A number of different nucleotides can be used in the isothermal linear amplification reaction. These include not only the naturally occurring nucleoside mono-, di-, and triphosphates: deoxyadenosine mono-, di- and triphosphate; deoxyguanosine mono-, di- and triphosphate; deoxythymidine mono-, di- and triphosphate; and deoxycytidine mono-, di- and triphosphate (referred to herein as dA, dG, dT and dC or A, G, T and C, respectively). Nucleotides also include, but are not limited to, modified nucleotides and nucleotide analogs such as deazapurine nucleotides, e.g., 7-deaza-deoxyguanosine (7-deaza-dG) and 7-deaza-deoxyadenosine (7-deaza-dA) mono-, di- and triphosphates, deutero-deoxythymidine (deutero-dT) mono-, di- and triphosphates, methylated nucleotides e.g., 5-methyldeoxycytidine triphosphate, 13C/15N labeled nucleotides and deoxyinosine mono-, di- and triphosphate.

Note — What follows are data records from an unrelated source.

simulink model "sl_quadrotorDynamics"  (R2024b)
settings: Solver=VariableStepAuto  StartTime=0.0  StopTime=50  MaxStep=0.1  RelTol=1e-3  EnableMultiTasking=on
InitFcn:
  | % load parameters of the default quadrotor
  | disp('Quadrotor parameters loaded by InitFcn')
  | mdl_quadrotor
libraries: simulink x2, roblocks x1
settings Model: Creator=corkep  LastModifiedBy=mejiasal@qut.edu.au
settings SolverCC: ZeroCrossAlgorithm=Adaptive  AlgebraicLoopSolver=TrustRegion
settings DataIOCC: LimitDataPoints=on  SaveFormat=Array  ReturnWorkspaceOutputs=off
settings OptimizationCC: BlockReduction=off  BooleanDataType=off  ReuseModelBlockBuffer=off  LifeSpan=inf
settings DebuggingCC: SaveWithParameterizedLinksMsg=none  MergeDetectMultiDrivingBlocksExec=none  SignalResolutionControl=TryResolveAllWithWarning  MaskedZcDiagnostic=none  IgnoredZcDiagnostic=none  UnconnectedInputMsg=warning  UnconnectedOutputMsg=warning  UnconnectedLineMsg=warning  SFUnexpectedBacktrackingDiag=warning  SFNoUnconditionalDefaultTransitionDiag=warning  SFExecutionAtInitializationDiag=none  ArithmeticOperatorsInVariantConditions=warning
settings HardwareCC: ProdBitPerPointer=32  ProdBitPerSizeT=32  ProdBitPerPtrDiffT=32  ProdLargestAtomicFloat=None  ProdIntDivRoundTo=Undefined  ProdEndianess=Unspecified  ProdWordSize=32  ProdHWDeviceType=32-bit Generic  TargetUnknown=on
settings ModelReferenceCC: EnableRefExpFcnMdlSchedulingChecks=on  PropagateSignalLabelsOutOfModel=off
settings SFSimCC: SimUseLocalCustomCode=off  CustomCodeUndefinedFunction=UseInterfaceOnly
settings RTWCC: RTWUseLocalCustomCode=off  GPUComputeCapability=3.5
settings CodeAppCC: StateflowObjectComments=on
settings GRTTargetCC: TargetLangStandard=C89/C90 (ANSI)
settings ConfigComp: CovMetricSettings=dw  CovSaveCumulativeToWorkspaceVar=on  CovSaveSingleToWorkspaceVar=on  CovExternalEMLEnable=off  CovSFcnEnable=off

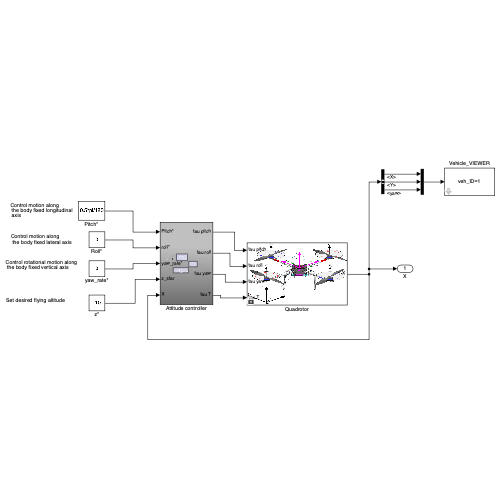
[thumbnail: Simulink's stored preview of the top-level diagram]
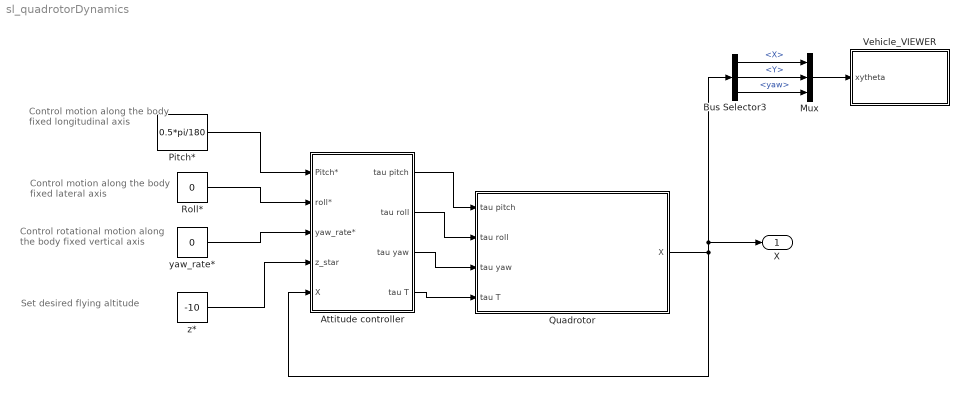
== system sl_quadrotorDynamics ==
  note: Control motion along
      |  the body fixed lateral axis
  note: Control motion along
      |  the body fixed longitudinal
      |  axis
  note: Control rotational motion along
      |  the body fixed vertical axis
  note: Set desired flying altitude
  Attitude controller : Subsystem
  Bus Selector3 : BusSelector  OutputSignals=X,Y,yaw
  Mux : Mux  Inputs=3
  Pitch* : Constant  Value=0.5*pi/180
  Quadrotor : Subsystem
      mask Display: image('quadrotor.png');
  Roll* : Constant  Value=0
  Vehicle_VIEWER : Subsystem  mask{wp_mat=[-100, 100;-100, 100]', veh_ID_num=1, veh_init_xytheta=[0 0 0], Ts=0.1}
      mask prompts: wp_mat "Waypoint matrix for arena [x_col, y_col, z_col, angle_col] (m, deg)"; veh_ID_num "Vehicle ID number"; veh_init_xytheta "Initial pose [x,y, psi]"; Ts "Sample time for updating animation (secs)"
      mask TypeOptions veh_ID_num: 1 | 2 | 3 | 4
      mask DialogControl Control2 Prompt: Animate simulation of Robot
      mask Display: fprintf('veh_ID=%d',veh_ID_num);
  yaw_rate* : Constant  Value=0
  z* : Constant  Value=-10
  X : Outport
  wires:
  Bus Selector3/1 -> Mux/1  "<X>"
  Bus Selector3/2 -> Mux/2  "<Y>"
  Bus Selector3/3 -> Mux/3  "<yaw>"
  Mux/1 -> Vehicle_VIEWER/1(xytheta)
  Roll*/1 -> Attitude controller/2(roll*)
  z*/1 -> Attitude controller/4(z_star)
  Pitch*/1 -> Attitude controller/1(Pitch*)
  yaw_rate*/1 -> Attitude controller/3(yaw_rate*)
  Quadrotor/1(X) -> X/1, Bus Selector3/1, Attitude controller/5(X)
  Attitude controller/1(tau pitch) -> Quadrotor/1(tau pitch)
  Attitude controller/2(tau roll) -> Quadrotor/2(tau roll)
  Attitude controller/3(tau yaw) -> Quadrotor/3(tau yaw)
  Attitude controller/4(tau T) -> Quadrotor/4(tau T)

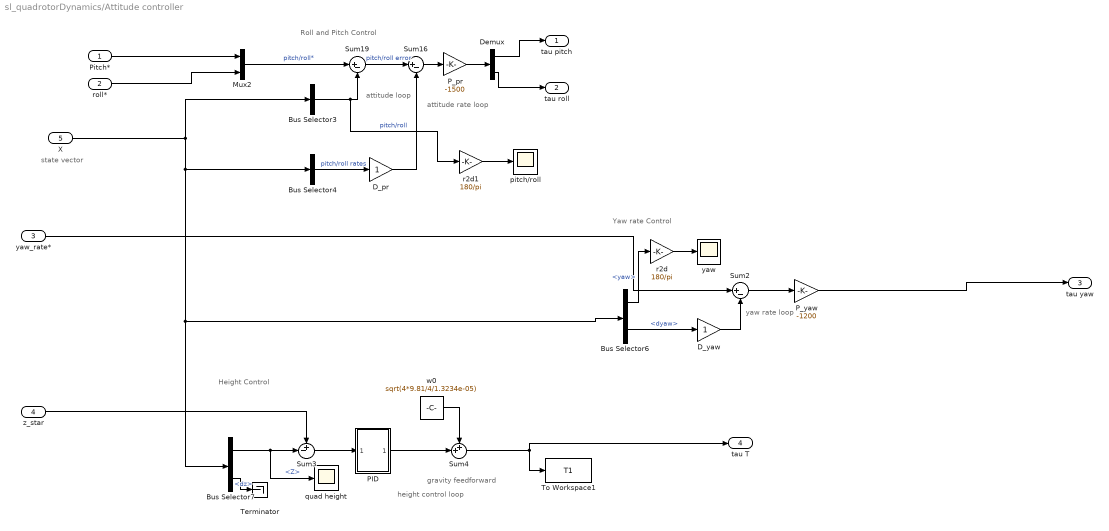
== system sl_quadrotorDynamics/Attitude controller ==
  note: Height Control
  note: Yaw rate Control
  note: Roll and Pitch Control
  note: state vector
  note: gravity feedforward
  note: attitude rate
      | loop
  note: height control
      | loop
  note: attitude
      | loop
  note: yaw rate
      | loop
  Pitch* : Inport
  roll* : Inport  Port=2
  yaw_rate* : Inport  Port=3
  z_star : Inport  Port=4
  X : Inport  Port=5
  Bus Selector3 : BusSelector  OutputSignals=pitch,roll  OutputAsBus=on
  Bus Selector4 : BusSelector  OutputSignals=dpitch,droll  OutputAsBus=on
  Bus Selector6 : BusSelector  OutputSignals=yaw,dyaw
  Bus Selector7 : BusSelector  OutputSignals=Z,dz
  D_pr : Gain
  D_yaw : Gain
  Demux : Demux  Outputs=2
  Mux2 : Mux  Inputs=2
  PID : Subsystem
  P_pr : Gain  Gain=-1500
  P_yaw : Gain  Gain=-1200
  Sum16 : Sum  Inputs=|+-
  Sum19 : Sum  Inputs=|+-
  Sum2 : Sum  Inputs=|+-
  Sum3 : Sum  Inputs=+-|
  Sum4 : Sum  Inputs=++|
  Terminator : Terminator
  To Workspace1 : ToWorkspace  VariableName=T1  SampleTime=-1
  pitch/roll : Scope
  quad height : Scope
  r2d : Gain  Gain=180/pi
  r2d1 : Gain  Gain=180/pi
  w0 : Constant  Value=sqrt(4*9.81/4/1.3234e-05)  SampleTime=0
  yaw : Scope
  tau pitch : Outport  VectorParamsAs1DForOutWhenUnconnected=off
  tau roll : Outport  Port=2  VectorParamsAs1DForOutWhenUnconnected=off
  tau yaw : Outport  Port=3  VectorParamsAs1DForOutWhenUnconnected=off
  tau T : Outport  Port=4  VectorParamsAs1DForOutWhenUnconnected=off
  wires:
  P_pr/1 -> Demux/1
  Demux/1 -> tau pitch/1
  yaw_rate*/1 -> Sum2/1
  roll*/1 -> Mux2/2
  Bus Selector6/1 -> r2d/1  "<yaw>"
  Bus Selector3/1 -> r2d1/1, Sum19/2  "pitch/roll"
  Demux/2 -> tau roll/1
  Sum16/1 -> P_pr/1
  Mux2/1 -> Sum19/1  "pitch/roll*"
  r2d/1 -> yaw/1
  z_star/1 -> Sum3/1
  Sum19/1 -> Sum16/1  "pitch/roll error"
  Pitch*/1 -> Mux2/1
  D_yaw/1 -> Sum2/2
  Bus Selector6/2 -> D_yaw/1  "<dyaw>"
  Bus Selector4/1 -> D_pr/1  "pitch/roll rates"
  Bus Selector7/1 -> quad height/1, Sum3/2  "<Z>"
  X/1 -> Bus Selector7/1, Bus Selector6/1, Bus Selector4/1, Bus Selector3/1
  Sum2/1 -> P_yaw/1
  w0/1 -> Sum4/1
  D_pr/1 -> Sum16/2
  P_yaw/1 -> tau yaw/1
  Sum4/1 -> tau T/1, To Workspace1/1
  Bus Selector7/2 -> Terminator/1  "<dz>"
  PID/1(Out1) -> Sum4/2
  Sum3/1 -> PID/1(In1)
  r2d1/1 -> pitch/roll/1

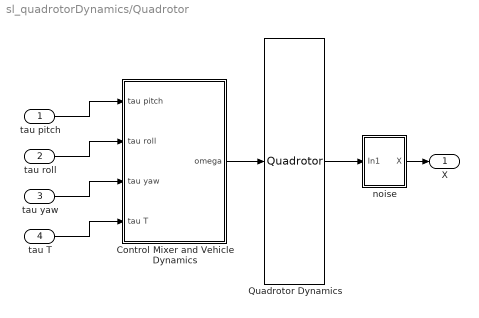
== system sl_quadrotorDynamics/Quadrotor ==
  tau pitch : Inport
  tau roll : Inport  Port=2
  tau yaw : Inport  Port=3
  tau T : Inport  Port=4
  Control Mixer and Vehicle Dynamics : Subsystem
  Quadrotor Dynamics : roblocks/Dynamics/Quadrotor  quad=quad
  noise : Subsystem
  X : Outport
  wires:
  tau yaw/1 -> Control Mixer and Vehicle Dynamics/3(tau yaw)
  tau T/1 -> Control Mixer and Vehicle Dynamics/4(tau T)
  Control Mixer and Vehicle Dynamics/1(omega) -> Quadrotor Dynamics/1
  noise/1(X) -> X/1
  tau roll/1 -> Control Mixer and Vehicle Dynamics/2(tau roll)
  tau pitch/1 -> Control Mixer and Vehicle Dynamics/1(tau pitch)
  Quadrotor Dynamics/1 -> noise/1(In1)

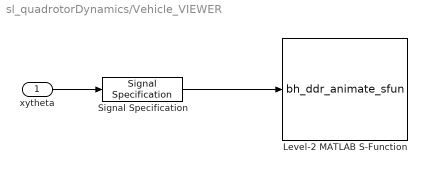
== system sl_quadrotorDynamics/Vehicle_VIEWER ==
  xytheta : Inport
  Level-2 MATLAB S-Function : M-S-Function  FunctionName=bh_ddr_animate_sfun  Parameters=Ts, wp_mat, veh_ID_num, veh_init_xytheta
  Signal Specification : SignalSpecification  Dimensions=3
  wires:
  xytheta/1 -> Signal Specification/1
  Signal Specification/1 -> Level-2 MATLAB S-Function/1

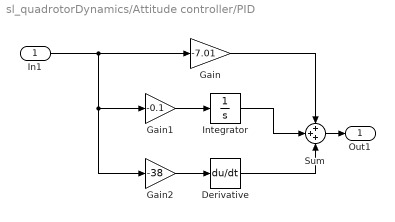
== system sl_quadrotorDynamics/Attitude controller/PID ==
  In1 : Inport
  Derivative : Derivative
  Gain : Gain  Gain=-7.01
  Gain1 : Gain  Gain=-0.1
  Gain2 : Gain  Gain=-38
  Integrator : Integrator
  Sum : Sum  Inputs=+++
  Out1 : Outport
  wires:
  Sum/1 -> Out1/1
  In1/1 -> Gain1/1, Gain2/1, Gain/1
  Gain/1 -> Sum/1
  Gain1/1 -> Integrator/1
  Integrator/1 -> Sum/2
  Gain2/1 -> Derivative/1
  Derivative/1 -> Sum/3

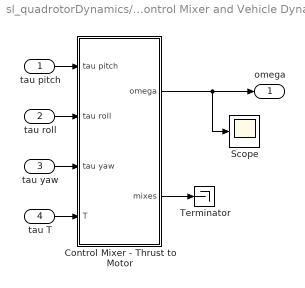
== system sl_quadrotorDynamics/Quadrotor/Control Mixer and Vehicle Dynamics ==
  tau pitch : Inport
  tau roll : Inport  Port=2
  tau yaw : Inport  Port=3
  tau T : Inport  Port=4
  Control Mixer - Thrust to Motor : Subsystem
  Scope : Scope
  Terminator : Terminator
  omega : Outport  VectorParamsAs1DForOutWhenUnconnected=off
  wires:
  Control Mixer - Thrust to Motor/2(mixes) -> Terminator/1
  tau pitch/1 -> Control Mixer - Thrust to Motor/1(tau pitch)
  tau roll/1 -> Control Mixer - Thrust to Motor/2(tau roll)
  tau yaw/1 -> Control Mixer - Thrust to Motor/3(tau yaw)
  tau T/1 -> Control Mixer - Thrust to Motor/4(T)
  Control Mixer - Thrust to Motor/1(omega) -> Scope/1, omega/1

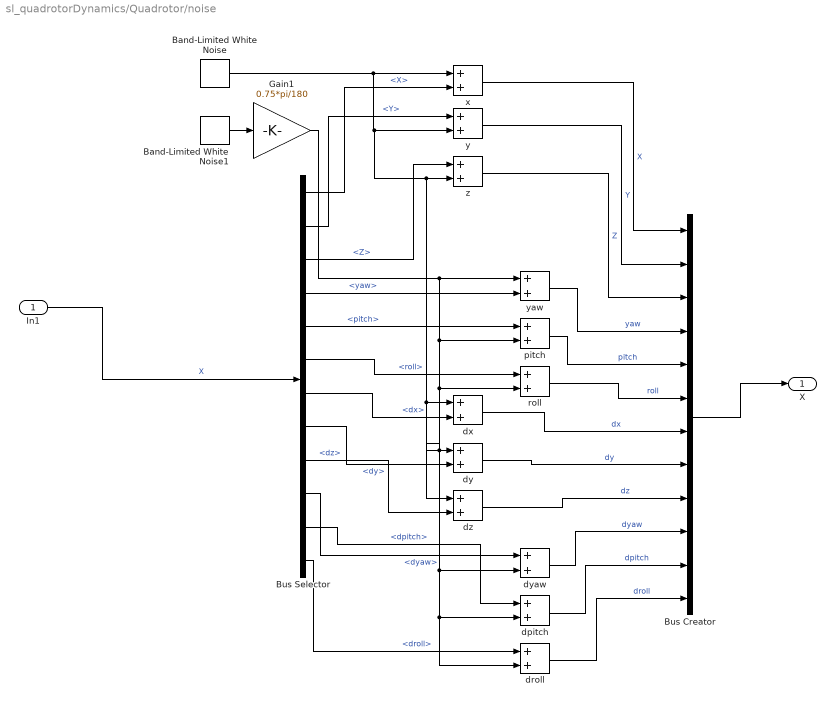
== system sl_quadrotorDynamics/Quadrotor/noise ==
  In1 : Inport
  Band-Limited White Noise : simulink/Sources/Band-Limited White Noise  Cov=[0.001]  Ts=0.1  seed=[23341]
  Band-Limited White Noise1 : simulink/Sources/Band-Limited White Noise  Cov=[0.41]  Ts=0.1  seed=[23341]
  Bus Creator : BusCreator  Inputs=12
  Bus Selector : BusSelector  OutputSignals=X,Y,Z,yaw,pitch,roll,dx,dy,dz,dyaw,dpitch,droll
  Gain1 : Gain  Gain=0.75*pi/180
  dpitch : Sum
  droll : Sum
  dx : Sum
  dy : Sum
  dyaw : Sum
  dz : Sum
  pitch : Sum
  roll : Sum
  x : Sum
  y : Sum
  yaw : Sum
  z : Sum
  X : Outport
  wires:
  x/1 -> Bus Creator/1  "X"
  Bus Selector/9 -> dz/2  "<dz>"
  Bus Selector/8 -> dy/2  "<dy>"
  Bus Selector/7 -> dx/2  "<dx>"
  y/1 -> Bus Creator/2  "Y"
  Bus Selector/6 -> roll/1  "<roll>"
  Bus Selector/5 -> pitch/1  "<pitch>"
  yaw/1 -> Bus Creator/4  "yaw"
  Bus Selector/2 -> y/1  "<Y>"
  Bus Selector/1 -> x/2  "<X>"
  Gain1/1 -> pitch/2, droll/2, dpitch/2, dyaw/2, roll/2, yaw/1
  Band-Limited White Noise/1 -> x/1, z/2, dx/1, dz/1, dy/1, y/2
  Bus Selector/10 -> dyaw/1  "<dyaw>"
  Bus Selector/11 -> dpitch/1  "<dpitch>"
  Bus Selector/4 -> yaw/2  "<yaw>"
  Bus Selector/12 -> droll/1  "<droll>"
  Band-Limited White Noise1/1 -> Gain1/1
  Bus Selector/3 -> z/1  "<Z>"
  z/1 -> Bus Creator/3  "Z"
  In1/1 -> Bus Selector/1  "X"
  Bus Creator/1 -> X/1
  pitch/1 -> Bus Creator/5  "pitch"
  roll/1 -> Bus Creator/6  "roll"
  dpitch/1 -> Bus Creator/11  "dpitch"
  droll/1 -> Bus Creator/12  "droll"
  dx/1 -> Bus Creator/7  "dx"
  dy/1 -> Bus Creator/8  "dy"
  dz/1 -> Bus Creator/9  "dz"
  dyaw/1 -> Bus Creator/10  "dyaw"

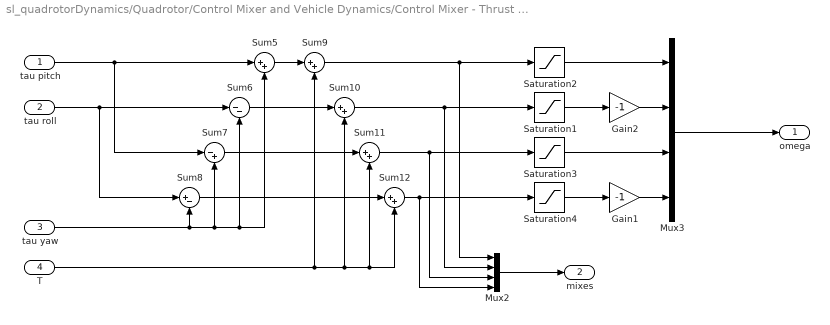
== system sl_quadrotorDynamics/Quadrotor/Control Mixer and Vehicle Dynamics/Control Mixer - Thrust to Motor ==
  tau pitch : Inport
  tau roll : Inport  Port=2
  tau yaw : Inport  Port=3
  T : Inport  Port=4
  Gain1 : Gain  Gain=-1
  Gain2 : Gain  Gain=-1
  Mux2 : Mux
  Mux3 : Mux
  Saturation{1..4} (4 alike) : Saturate  UpperLimit=1000  LowerLimit=700
  Sum{5,9..12} (5 alike) : Sum  Inputs=|++  InputSameDT=on  SaturateOnIntegerOverflow=on  OutDataTypeStr=Inherit: Same as first input
  Sum6 : Sum  Inputs=|--  InputSameDT=on  SaturateOnIntegerOverflow=on  OutDataTypeStr=Inherit: Same as first input
  Sum7 : Sum  Inputs=|-+  InputSameDT=on  SaturateOnIntegerOverflow=on  OutDataTypeStr=Inherit: Same as first input
  Sum8 : Sum  Inputs=|+-  InputSameDT=on  SaturateOnIntegerOverflow=on  OutDataTypeStr=Inherit: Same as first input
  omega : Outport  VectorParamsAs1DForOutWhenUnconnected=off
  mixes : Outport  Port=2  VectorParamsAs1DForOutWhenUnconnected=off
  wires:
  Sum7/1 -> Sum11/1
  tau roll/1 -> Sum6/1, Sum8/1
  Mux2/1 -> mixes/1
  Gain2/1 -> Mux3/2
  Sum8/1 -> Sum12/1
  Sum6/1 -> Sum10/1
  tau pitch/1 -> Sum5/1, Sum7/1
  Mux3/1 -> omega/1
  Sum10/1 -> Saturation1/1, Mux2/2
  Sum12/1 -> Saturation4/1, Mux2/4
  Saturation1/1 -> Gain2/1
  Saturation3/1 -> Mux3/3
  T/1 -> Sum11/2, Sum12/2, Sum10/2, Sum9/2
  tau yaw/1 -> Sum8/2, Sum7/2, Sum6/2, Sum5/2
  Saturation4/1 -> Gain1/1
  Sum9/1 -> Saturation2/1, Mux2/1
  Sum11/1 -> Saturation3/1, Mux2/3
  Saturation2/1 -> Mux3/1
  Sum5/1 -> Sum9/1
  Gain1/1 -> Mux3/4

When using dNTPs and a traditional RNA polymerase, dUTP is substituted for dTTP. For those skilled in the art, it will be clear upon reading the present disclosure that modified nucleotides and nucleotide analogs that utilize a variety of combinations of functionality and attachment positions can be used in the present invention.
Asymmetric amplification using a heat stable polymerase such as Thermus aquaticus polymerase can also be used to create polymerization products complementary to the chip-associated universal oligos. Suitable methods of asymmetric amplification are described in U.S. Pat. No. 5,066,584, which is incorporated by reference in its entirety. When this technique is used, an oligonucleotide complementary to the 3′ end of the capture-associated universal oligo is used under conditions to create a series of polymerization products. In such an embodiment, the chip-associated universal oligo will have the same sequence as the capture-associated universal oligo, and both will be complementary to the asymmetric polymerization products.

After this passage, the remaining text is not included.